++++ Materials provided

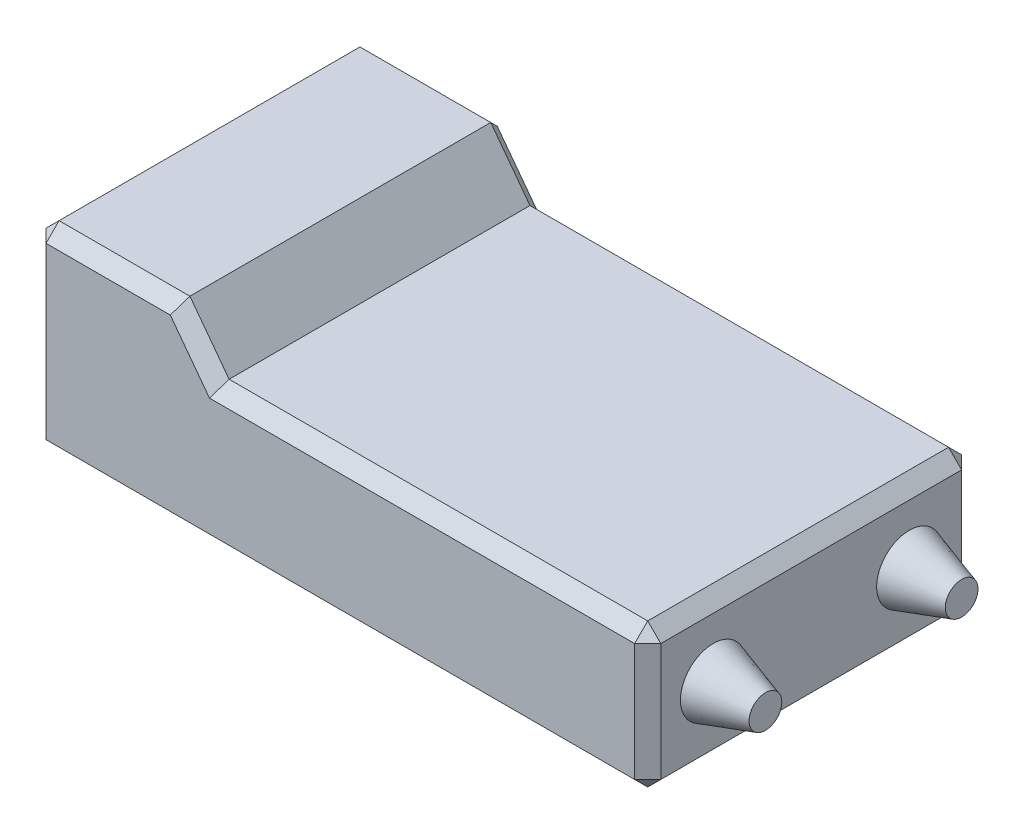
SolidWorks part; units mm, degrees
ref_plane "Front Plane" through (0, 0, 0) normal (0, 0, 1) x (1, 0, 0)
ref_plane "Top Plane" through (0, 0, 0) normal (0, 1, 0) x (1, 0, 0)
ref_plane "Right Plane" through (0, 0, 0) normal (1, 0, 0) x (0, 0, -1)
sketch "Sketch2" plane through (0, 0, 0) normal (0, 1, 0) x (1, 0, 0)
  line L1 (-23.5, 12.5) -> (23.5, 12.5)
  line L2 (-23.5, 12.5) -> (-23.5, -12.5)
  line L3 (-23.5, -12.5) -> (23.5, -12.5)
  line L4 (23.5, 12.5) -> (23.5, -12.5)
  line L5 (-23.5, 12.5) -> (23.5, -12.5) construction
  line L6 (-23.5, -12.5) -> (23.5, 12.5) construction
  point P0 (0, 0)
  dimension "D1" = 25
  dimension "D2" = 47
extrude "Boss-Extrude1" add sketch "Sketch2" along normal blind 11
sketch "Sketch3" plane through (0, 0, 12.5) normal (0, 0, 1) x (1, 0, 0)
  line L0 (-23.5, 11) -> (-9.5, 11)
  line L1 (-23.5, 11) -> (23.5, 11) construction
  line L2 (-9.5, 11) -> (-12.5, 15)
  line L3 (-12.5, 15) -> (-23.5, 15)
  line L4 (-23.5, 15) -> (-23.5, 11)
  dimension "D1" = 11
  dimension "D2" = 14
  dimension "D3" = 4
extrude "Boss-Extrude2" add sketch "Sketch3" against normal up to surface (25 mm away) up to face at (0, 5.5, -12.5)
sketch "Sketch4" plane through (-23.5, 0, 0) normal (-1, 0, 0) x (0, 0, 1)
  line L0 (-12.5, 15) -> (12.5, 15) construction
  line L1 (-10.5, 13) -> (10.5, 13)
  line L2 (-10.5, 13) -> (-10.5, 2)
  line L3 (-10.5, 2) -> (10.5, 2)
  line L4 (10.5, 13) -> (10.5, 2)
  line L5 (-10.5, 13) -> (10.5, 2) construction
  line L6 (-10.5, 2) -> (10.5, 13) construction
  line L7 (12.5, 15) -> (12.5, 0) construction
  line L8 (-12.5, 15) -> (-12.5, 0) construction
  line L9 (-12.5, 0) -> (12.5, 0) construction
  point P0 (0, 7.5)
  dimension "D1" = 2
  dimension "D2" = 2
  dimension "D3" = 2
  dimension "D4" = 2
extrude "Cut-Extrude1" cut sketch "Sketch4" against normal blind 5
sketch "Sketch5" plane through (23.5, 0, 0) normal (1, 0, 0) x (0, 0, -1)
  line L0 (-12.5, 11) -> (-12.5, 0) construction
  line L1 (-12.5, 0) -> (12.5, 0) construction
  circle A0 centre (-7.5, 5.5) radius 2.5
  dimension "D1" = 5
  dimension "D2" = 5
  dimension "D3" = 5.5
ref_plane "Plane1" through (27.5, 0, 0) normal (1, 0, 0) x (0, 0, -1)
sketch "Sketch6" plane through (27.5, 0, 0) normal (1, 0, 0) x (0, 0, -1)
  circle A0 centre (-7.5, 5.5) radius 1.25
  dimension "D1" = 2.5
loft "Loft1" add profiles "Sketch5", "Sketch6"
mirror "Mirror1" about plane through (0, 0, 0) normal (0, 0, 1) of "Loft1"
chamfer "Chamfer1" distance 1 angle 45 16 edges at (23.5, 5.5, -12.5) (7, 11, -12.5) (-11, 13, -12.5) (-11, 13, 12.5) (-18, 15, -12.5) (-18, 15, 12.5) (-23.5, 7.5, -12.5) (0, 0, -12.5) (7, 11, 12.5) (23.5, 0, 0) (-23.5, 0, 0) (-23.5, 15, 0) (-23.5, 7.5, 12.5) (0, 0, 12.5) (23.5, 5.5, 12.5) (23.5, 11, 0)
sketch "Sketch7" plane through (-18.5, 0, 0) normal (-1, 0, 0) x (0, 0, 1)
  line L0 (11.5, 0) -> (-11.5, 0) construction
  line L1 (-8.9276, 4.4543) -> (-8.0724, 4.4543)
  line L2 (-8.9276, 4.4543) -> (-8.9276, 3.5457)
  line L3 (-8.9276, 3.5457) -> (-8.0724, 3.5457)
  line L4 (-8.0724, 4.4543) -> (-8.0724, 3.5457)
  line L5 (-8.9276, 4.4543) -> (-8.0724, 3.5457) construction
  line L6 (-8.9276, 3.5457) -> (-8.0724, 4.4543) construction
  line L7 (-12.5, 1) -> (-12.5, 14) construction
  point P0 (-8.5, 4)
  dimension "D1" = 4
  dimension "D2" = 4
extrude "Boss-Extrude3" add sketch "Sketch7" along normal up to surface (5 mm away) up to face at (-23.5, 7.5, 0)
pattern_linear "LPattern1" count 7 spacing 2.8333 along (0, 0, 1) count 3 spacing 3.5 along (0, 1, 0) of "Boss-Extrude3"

++++++++

** Problem details **
Everything in the entries except the pictures should be returned exactly as given.

** Answer **
SolidWorks part; units mm, degrees
ref_plane "Front Plane" through (0, 0, 0) normal (0, 0, 1) x (1, 0, 0)
ref_plane "Top Plane" through (0, 0, 0) normal (0, 1, 0) x (1, 0, 0)
ref_plane "Right Plane" through (0, 0, 0) normal (1, 0, 0) x (0, 0, -1)
sketch "Sketch2" plane through (0, 0, 0) normal (0, 1, 0) x (1, 0, 0)
  line L1 (-23.5, 12.5) -> (23.5, 12.5)
  line L2 (-23.5, 12.5) -> (-23.5, -12.5)
  line L3 (-23.5, -12.5) -> (23.5, -12.5)
  line L4 (23.5, 12.5) -> (23.5, -12.5)
  line L5 (-23.5, 12.5) -> (23.5, -12.5) construction
  line L6 (-23.5, -12.5) -> (23.5, 12.5) construction
  point P0 (0, 0)
  dimension "D1" = 25
  dimension "D2" = 47
extrude "Boss-Extrude1" add sketch "Sketch2" along normal blind 11
sketch "Sketch3" plane through (0, 0, 12.5) normal (0, 0, 1) x (1, 0, 0)
  line L0 (-23.5, 11) -> (-9.5, 11)
  line L1 (-23.5, 11) -> (23.5, 11) construction
  line L2 (-9.5, 11) -> (-12.5, 15)
  line L3 (-12.5, 15) -> (-23.5, 15)
  line L4 (-23.5, 15) -> (-23.5, 11)
  dimension "D1" = 11
  dimension "D2" = 14
  dimension "D3" = 4
extrude "Boss-Extrude2" add sketch "Sketch3" against normal up to surface (25 mm away) up to face at (0, 5.5, -12.5)
sketch "Sketch4" plane through (-23.5, 0, 0) normal (-1, 0, 0) x (0, 0, 1)
  line L0 (-12.5, 15) -> (12.5, 15) construction
  line L1 (-10.5, 13) -> (10.5, 13)
  line L2 (-10.5, 13) -> (-10.5, 2)
  line L3 (-10.5, 2) -> (10.5, 2)
  line L4 (10.5, 13) -> (10.5, 2)
  line L5 (-10.5, 13) -> (10.5, 2) construction
  line L6 (-10.5, 2) -> (10.5, 13) construction
  line L7 (12.5, 15) -> (12.5, 0) construction
  line L8 (-12.5, 15) -> (-12.5, 0) construction
  line L9 (-12.5, 0) -> (12.5, 0) construction
  point P0 (0, 7.5)
  dimension "D1" = 2
  dimension "D2" = 2
  dimension "D3" = 2
  dimension "D4" = 2
extrude "Cut-Extrude1" cut sketch "Sketch4" against normal blind 5
sketch "Sketch5" plane through (23.5, 0, 0) normal (1, 0, 0) x (0, 0, -1)
  line L0 (-12.5, 11) -> (-12.5, 0) construction
  line L1 (-12.5, 0) -> (12.5, 0) construction
  circle A0 centre (-7.5, 5.5) radius 2.5
  dimension "D1" = 5
  dimension "D2" = 5
  dimension "D3" = 5.5
ref_plane "Plane1" through (27.5, 0, 0) normal (1, 0, 0) x (0, 0, -1)
sketch "Sketch6" plane through (27.5, 0, 0) normal (1, 0, 0) x (0, 0, -1)
  circle A0 centre (-7.5, 5.5) radius 1.25
  dimension "D1" = 2.5
loft "Loft1" add profiles "Sketch5", "Sketch6"
mirror "Mirror1" about plane through (0, 0, 0) normal (0, 0, 1) of "Loft1"
chamfer "Chamfer1" distance 1 angle 45 16 edges at (23.5, 5.5, -12.5) (7, 11, -12.5) (-11, 13, -12.5) (-11, 13, 12.5) (-18, 15, -12.5) (-18, 15, 12.5) (-23.5, 7.5, -12.5) (0, 0, -12.5) (7, 11, 12.5) (23.5, 0, 0) (-23.5, 0, 0) (-23.5, 15, 0) (-23.5, 7.5, 12.5) (0, 0, 12.5) (23.5, 5.5, 12.5) (23.5, 11, 0)
sketch "Sketch7" plane through (-18.5, 0, 0) normal (-1, 0, 0) x (0, 0, 1)
  line L0 (11.5, 0) -> (-11.5, 0) construction
  line L1 (-8.9276, 4.4543) -> (-8.0724, 4.4543)
  line L2 (-8.9276, 4.4543) -> (-8.9276, 3.5457)
  line L3 (-8.9276, 3.5457) -> (-8.0724, 3.5457)
  line L4 (-8.0724, 4.4543) -> (-8.0724, 3.5457)
  line L5 (-8.9276, 4.4543) -> (-8.0724, 3.5457) construction
  line L6 (-8.9276, 3.5457) -> (-8.0724, 4.4543) construction
  line L7 (-12.5, 1) -> (-12.5, 14) construction
  point P0 (-8.5, 4)
  dimension "D1" = 4
  dimension "D2" = 4
extrude "Boss-Extrude3" add sketch "Sketch7" along normal up to surface (5 mm away) up to face at (-23.5, 7.5, 0)
pattern_linear "LPattern1" count 7 spacing 2.8333 along (0, 0, 1) count 3 spacing 3.5 along (0, 1, 0) of "Boss-Extrude3"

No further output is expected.